I am currently reading "Nuclear physics of stars" book, but it will take some time.
For this moment, my only objection is that, in contrast to Boltzmann distribution, tunneling is kind of a magical explanation - especially for nuclei, which are usually modeled with classical trajectories. This is a compact object which cannot just teleport through a potential barrier - we need a concrete mechanism for that. ... That probability cloud is too blunt static tool for this subtle dynamical situation.

Regarding my question, Gamow tunneling still weakens exponentially with low temperature - fusion still needs millions of Kelvins.
If one believes in CF, tunneling is definitely not enough.

Tunneling doesn't feel like a magical explanation to me. When it comes to nuclear processes, I think of the reactants (nucleons) more in the manner of EM radiation than particles. Protons and nucleons can "leak" through Coulomb potential barriers, in the way that EM radiation can leak through an imperfect Faraday cage. That's just how they behave. To this Feynman would say something like "we don't get to choose how nature behaves." You're trying to treat nucleons like billiard balls, which is possible to a certain extent, but is an imperfect model for anything but elastic scattering (and even then it conceals some interesting things that are going on).

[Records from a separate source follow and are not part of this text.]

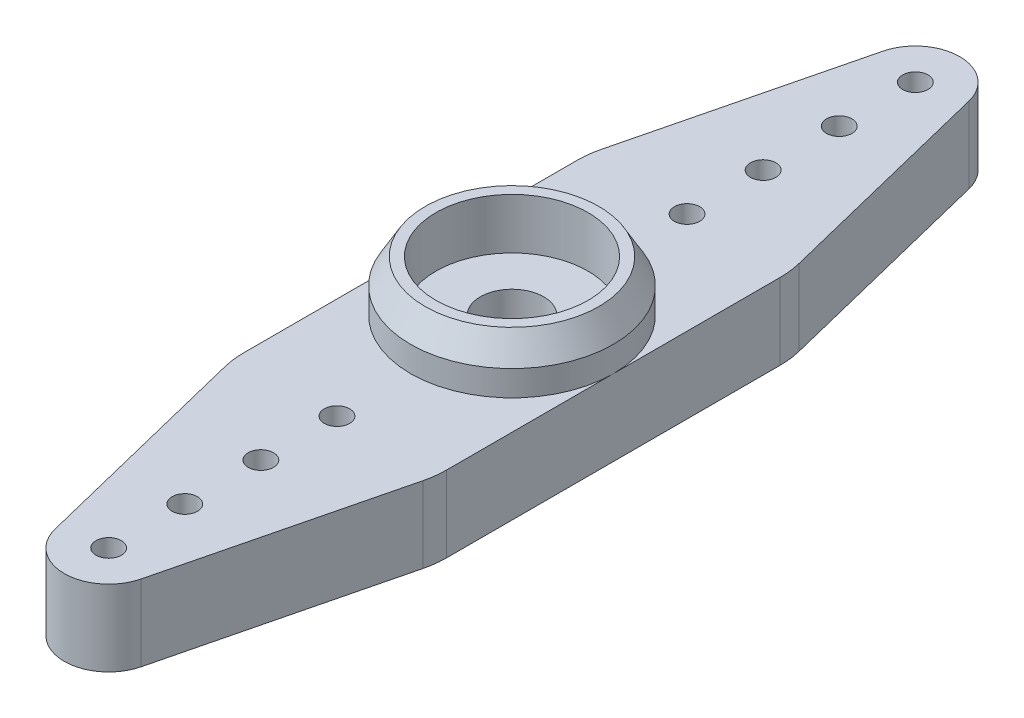
ISO-10303-21;
HEADER;
FILE_DESCRIPTION(('STEP AP214'),'2;1');
FILE_NAME('part.step','',(''),(''),'','','');
FILE_SCHEMA(('AUTOMOTIVE_DESIGN { 1 0 10303 214 1 1 1 1 }'));
ENDSEC;
DATA;
#1=APPLICATION_CONTEXT('core data for automotive mechanical design processes');
#2=APPLICATION_PROTOCOL_DEFINITION('international standard','automotive_design',2000,#1);
#3=PRODUCT_CONTEXT('',#1,'mechanical');
#4=PRODUCT('Part','Part','',(#3));
#5=PRODUCT_RELATED_PRODUCT_CATEGORY('part','',(#4));
#6=PRODUCT_DEFINITION_FORMATION('','',#4);
#7=PRODUCT_DEFINITION_CONTEXT('part definition',#1,'design');
#8=PRODUCT_DEFINITION('design','',#6,#7);
#9=PRODUCT_DEFINITION_SHAPE('','',#8);
#10=(LENGTH_UNIT() NAMED_UNIT(*) SI_UNIT(.MILLI.,.METRE.));
#11=(NAMED_UNIT(*) PLANE_ANGLE_UNIT() SI_UNIT($,.RADIAN.));
#12=(NAMED_UNIT(*) SI_UNIT($,.STERADIAN.) SOLID_ANGLE_UNIT());
#13=UNCERTAINTY_MEASURE_WITH_UNIT(LENGTH_MEASURE(1.E-05),#10,'distance_accuracy_value','');
#14=(GEOMETRIC_REPRESENTATION_CONTEXT(3) GLOBAL_UNCERTAINTY_ASSIGNED_CONTEXT((#13)) GLOBAL_UNIT_ASSIGNED_CONTEXT((#10,
#11,#12)) REPRESENTATION_CONTEXT('',''));
#15=CARTESIAN_POINT('',(0.,0.,0.));
#16=DIRECTION('',(0.,0.,1.));
#17=DIRECTION('',(1.,0.,0.));
#18=AXIS2_PLACEMENT_3D('',#15,#16,#17);
#19=CARTESIAN_POINT('',(0.,3.,0.));
#20=DIRECTION('',(0.,1.,0.));
#21=DIRECTION('',(0.,0.,1.));
#22=AXIS2_PLACEMENT_3D('',#19,#20,#21);
#23=PLANE('',#22);
#24=CARTESIAN_POINT('',(0.,3.,0.));
#25=DIRECTION('',(0.,1.,0.));
#26=DIRECTION('',(0.,0.,1.));
#27=AXIS2_PLACEMENT_3D('',#24,#25,#26);
#28=CIRCLE('',#27,4.);
#29=CARTESIAN_POINT('',(4.,3.,0.));
#30=VERTEX_POINT('',#29);
#31=CARTESIAN_POINT('',(-4.,3.,0.));
#32=VERTEX_POINT('',#31);
#33=EDGE_CURVE('E165',#30,#32,#28,.T.);
#34=ORIENTED_EDGE('',*,*,#33,.F.);
#35=DIRECTION('',(0.,0.,-1.));
#36=VECTOR('',#35,1.);
#37=CARTESIAN_POINT('',(4.,3.,-6.57429368146869));
#38=LINE('',#37,#36);
#39=CARTESIAN_POINT('',(4.,3.,-6.57429368146869));
#40=VERTEX_POINT('',#39);
#41=EDGE_CURVE('E93',#30,#40,#38,.T.);
#42=ORIENTED_EDGE('',*,*,#41,.T.);
#43=CARTESIAN_POINT('',(0.5,3.,-6.57429368146869));
#44=DIRECTION('',(0.,1.,0.));
#45=DIRECTION('',(0.,0.,-1.));
#46=AXIS2_PLACEMENT_3D('',#43,#44,#45);
#47=CIRCLE('',#46,3.5);
#48=CARTESIAN_POINT('',(3.89795205229431,3.,-7.41329418820803));
#49=VERTEX_POINT('',#48);
#50=EDGE_CURVE('E319',#40,#49,#47,.T.);
#51=ORIENTED_EDGE('',*,*,#50,.T.);
#52=DIRECTION('',(-0.239714430496953,0.,-0.970843443512661));
#53=VECTOR('',#52,1.);
#54=CARTESIAN_POINT('',(1.69897602614716,3.,-16.319147094104));
#55=LINE('',#54,#53);
#56=CARTESIAN_POINT('',(1.69897602614716,3.,-16.319147094104));
#57=VERTEX_POINT('',#56);
#58=EDGE_CURVE('E111',#49,#57,#55,.T.);
#59=ORIENTED_EDGE('',*,*,#58,.T.);
#60=CARTESIAN_POINT('',(0.,3.,-15.8996468407343));
#61=DIRECTION('',(0.,1.,0.));
#62=DIRECTION('',(0.,0.,-1.));
#63=AXIS2_PLACEMENT_3D('',#60,#61,#62);
#64=CIRCLE('',#63,1.75);
#65=CARTESIAN_POINT('',(-1.69897602614716,3.,-16.319147094104));
#66=VERTEX_POINT('',#65);
#67=EDGE_CURVE('E104',#57,#66,#64,.T.);
#68=ORIENTED_EDGE('',*,*,#67,.T.);
#69=DIRECTION('',(-0.239714430496953,0.,0.970843443512661));
#70=VECTOR('',#69,1.);
#71=CARTESIAN_POINT('',(-3.89795205229431,3.,-7.41329418820803));
#72=LINE('',#71,#70);
#73=CARTESIAN_POINT('',(-3.89795205229431,3.,-7.41329418820803));
#74=VERTEX_POINT('',#73);
#75=EDGE_CURVE('E108',#66,#74,#72,.T.);
#76=ORIENTED_EDGE('',*,*,#75,.T.);
#77=CARTESIAN_POINT('',(-0.5,3.,-6.57429368146869));
#78=DIRECTION('',(0.,1.,0.));
#79=DIRECTION('',(0.,0.,-1.));
#80=AXIS2_PLACEMENT_3D('',#77,#78,#79);
#81=CIRCLE('',#80,3.5);
#82=CARTESIAN_POINT('',(-4.,3.,-6.57429368146869));
#83=VERTEX_POINT('',#82);
#84=EDGE_CURVE('E58',#74,#83,#81,.T.);
#85=ORIENTED_EDGE('',*,*,#84,.T.);
#86=DIRECTION('',(0.,0.,1.));
#87=VECTOR('',#86,1.);
#88=CARTESIAN_POINT('',(-4.,3.,0.));
#89=LINE('',#88,#87);
#90=EDGE_CURVE('E132',#83,#32,#89,.T.);
#91=ORIENTED_EDGE('',*,*,#90,.T.);
#92=EDGE_LOOP('',(#34,#42,#51,#59,#68,#76,#85,#91));
#93=FACE_BOUND('',#92,.T.);
#94=CARTESIAN_POINT('',(0.,3.,-6.89964684073435));
#95=DIRECTION('',(0.,1.,0.));
#96=DIRECTION('',(0.,0.,1.));
#97=AXIS2_PLACEMENT_3D('',#94,#95,#96);
#98=CIRCLE('',#97,0.500000000000001);
#99=CARTESIAN_POINT('',(0.,3.,-6.39964684073434));
#100=VERTEX_POINT('',#99);
#101=EDGE_CURVE('E293',#100,#100,#98,.T.);
#102=ORIENTED_EDGE('',*,*,#101,.F.);
#103=EDGE_LOOP('',(#102));
#104=FACE_BOUND('',#103,.T.);
#105=CARTESIAN_POINT('',(0.,3.,-12.8996468407343));
#106=DIRECTION('',(0.,1.,0.));
#107=DIRECTION('',(0.,0.,1.));
#108=AXIS2_PLACEMENT_3D('',#105,#106,#107);
#109=CIRCLE('',#108,0.500000000000001);
#110=CARTESIAN_POINT('',(0.,3.,-12.3996468407343));
#111=VERTEX_POINT('',#110);
#112=EDGE_CURVE('E305',#111,#111,#109,.T.);
#113=ORIENTED_EDGE('',*,*,#112,.F.);
#114=EDGE_LOOP('',(#113));
#115=FACE_BOUND('',#114,.T.);
#116=CARTESIAN_POINT('',(0.,3.,-15.8996468407343));
#117=DIRECTION('',(0.,1.,0.));
#118=DIRECTION('',(0.,0.,1.));
#119=AXIS2_PLACEMENT_3D('',#116,#117,#118);
#120=CIRCLE('',#119,0.500000000000001);
#121=CARTESIAN_POINT('',(0.,3.,-15.3996468407343));
#122=VERTEX_POINT('',#121);
#123=EDGE_CURVE('E139',#122,#122,#120,.T.);
#124=ORIENTED_EDGE('',*,*,#123,.F.);
#125=EDGE_LOOP('',(#124));
#126=FACE_BOUND('',#125,.T.);
#127=CARTESIAN_POINT('',(0.,3.,-9.89964684073435));
#128=DIRECTION('',(0.,1.,0.));
#129=DIRECTION('',(0.,0.,1.));
#130=AXIS2_PLACEMENT_3D('',#127,#128,#129);
#131=CIRCLE('',#130,0.500000000000001);
#132=CARTESIAN_POINT('',(0.,3.,-9.39964684073435));
#133=VERTEX_POINT('',#132);
#134=EDGE_CURVE('E299',#133,#133,#131,.T.);
#135=ORIENTED_EDGE('',*,*,#134,.F.);
#136=EDGE_LOOP('',(#135));
#137=FACE_BOUND('',#136,.T.);
#138=ADVANCED_FACE('F34',(#93,#104,#115,#126,#137),#23,.T.);
#139=CARTESIAN_POINT('',(0.,3.,0.));
#140=DIRECTION('',(0.,-1.,0.));
#141=DIRECTION('',(0.,0.,1.));
#142=AXIS2_PLACEMENT_3D('',#139,#140,#141);
#143=CIRCLE('',#142,1.25);
#144=CARTESIAN_POINT('',(0.,3.,1.25));
#145=VERTEX_POINT('',#144);
#146=EDGE_CURVE('E152',#145,#145,#143,.T.);
#147=ORIENTED_EDGE('',*,*,#146,.T.);
#148=EDGE_LOOP('',(#147));
#149=FACE_BOUND('',#148,.T.);
#150=CARTESIAN_POINT('',(0.,3.,0.));
#151=DIRECTION('',(0.,1.,0.));
#152=DIRECTION('',(0.,0.,1.));
#153=AXIS2_PLACEMENT_3D('',#150,#151,#152);
#154=CIRCLE('',#153,3.);
#155=CARTESIAN_POINT('',(0.,3.,3.));
#156=VERTEX_POINT('',#155);
#157=EDGE_CURVE('E177',#156,#156,#154,.T.);
#158=ORIENTED_EDGE('',*,*,#157,.T.);
#159=EDGE_LOOP('',(#158));
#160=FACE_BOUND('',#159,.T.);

In fission reactors, 135Xe is a "neutron poison." Its neutron capture cross section is 2,000,000 barns, which is very high. Geometrically speaking, this means that the area of the cross-section is far, far larger than that of the actual nucleus which is presented to oncoming neutrons. I doubt this phenomenon can be understood in terms of classical billiard balls.

About the Gamow tunneling weakening exponentially with low temperature — (1) the core of the sun is at 15M C, as you've pointed out; and (2) I see no reason to try to draw an analogy between processes in the solar core and LENR. But I do agree that if one is pursuing "fusion" as an explanation, things become problematic at ~ 1000 C in the way you point out. That's one reason I don't think fusion is a first order process in any LENR observations.